原作とアニメキャラクターの不統一感への想いは非常に共感です。(鬼太郎、ルパンに限らず)
ですので、ついつい「私はアニメファンではありません。漫画好きです。」なんて余計な拘りを表明しちゃうんですよね、他人様にしてみりゃどーでもいい違いだとは思うんですが(笑)

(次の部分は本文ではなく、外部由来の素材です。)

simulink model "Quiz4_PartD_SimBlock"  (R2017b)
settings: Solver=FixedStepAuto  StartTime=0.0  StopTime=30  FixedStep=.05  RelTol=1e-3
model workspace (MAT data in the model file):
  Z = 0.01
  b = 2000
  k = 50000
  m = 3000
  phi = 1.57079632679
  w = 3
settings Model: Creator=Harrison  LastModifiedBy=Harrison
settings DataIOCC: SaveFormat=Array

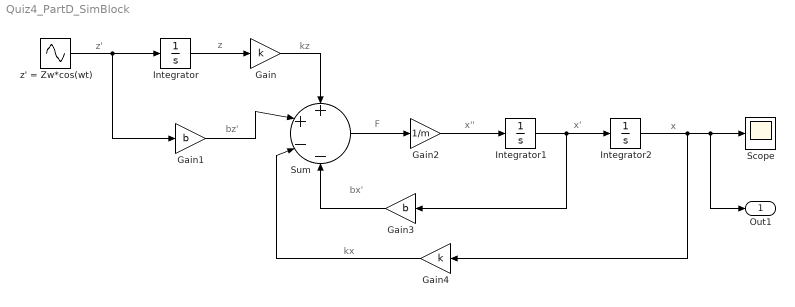
== system Quiz4_PartD_SimBlock ==
  note: F
  note: kz
  note: bz'
  note: kx
  note: bx'
  note: x
  note: x'
  note: x''
  note: z
  note: z'
  Gain : Gain  Gain=k
  Gain1 : Gain  Gain=b
  Gain2 : Gain  Gain=1/m
  Gain3 : Gain  Tag=b  Gain=b
  Gain4 : Gain  Gain=k
  Integrator : Integrator
  Integrator1 : Integrator
  Integrator2 : Integrator
  Scope : Scope
  Sum : Sum  Inputs=++--
  z' = Zw*cos(wt) : Sin  Amplitude=Z*w  Frequency=w  Phase=phi  SampleTime=0
  Out1 : Outport
  wires:
  z' = Zw*cos(wt)/1 -> Gain1/1, Integrator/1
  Integrator/1 -> Gain/1
  Gain/1 -> Sum/1
  Gain1/1 -> Sum/2
  Sum/1 -> Gain2/1
  Integrator1/1 -> Gain3/1, Integrator2/1
  Gain2/1 -> Integrator1/1
  Gain3/1 -> Sum/4
  Integrator2/1 -> Gain4/1, Out1/1, Scope/1
  Gain4/1 -> Sum/3

まぁ、本作に関しては水木先生への敬慕と鬼太郎愛が溢れておりましたので好意的に鑑賞出来ました^ ^
kazzさん、共感とコメントありがとうございます。
この作品では、墓の下から這い出てくる赤ん坊(鬼太郎)を
水木が抱き上げてますが、「墓場鬼太郎」では違っています。
水木は一度は「気味が悪い」とその場から逃げ出してしまうの
です。
一方、生まれた息子を案じた鬼太郎の父の亡骸からは目玉がこ
ぼれ落ちて動き出し、鬼太郎が生まれた場所に置き去りにされ
ているのを知ると、鬼太郎(生まれたて)を水木の家まで道案
内して連れて行く… このような展開でした。(※)
水木は母と腐しているのですが、この母親もなかなかおおらか
な人物です。
この赤ん坊はどうしたのかと息子(水木)に問うのですが
” 家の前に捨ててあった ” との返事に
” ああ そうかい ” と、淡々と受け入れます。
困っている赤子を放っておけない時代だったのでしょうか。
(※)
貸本漫画時代の「墓場鬼太郎」が復刻されていて、電子書籍で
読めるようになっています。(全6巻 KADOKAWA刊)
鬼太郎の生まれるエピソードが載っている1巻だけとりあえず
購入して読んでいます。・_・
kazzさん、共感&コメントありがとうございます。
水木しげる先生生誕100周年記念作品で、しかもこの舞台設定なら、キャラデザはもっと原作に寄せてほしかったですよね。でも、こうして新作を公開してくれるだけでも感謝です。
ルパン三世は、TVアニメを見ていた私のような人間でも、あの『カリオストロの城』の印象が強すぎて、脳内ではあれがオリジナルとなって刷り込まれてます。
〝なんと気持ちのいい連中なんだ〟の名セリフとともに。
私は古いテレビシリーズしか知らないのですが、京極夏彦さんの描く水木しげる先生のイメージからこの作品を見てました。でも新旧を問わず、さまざまなイメージで語られる作品自体の生命力は凄いと思います。映画館も若い女性が多くて意外な驚きがありました。
こんにちは。
今年も宜しくお願い致します。
点数は辛めですが、素晴らしいレビューです。
キャラデザインは昔のテレビを観ていると、違和感はありますよね。
時代の流れでしょうがないのかもしれないですね。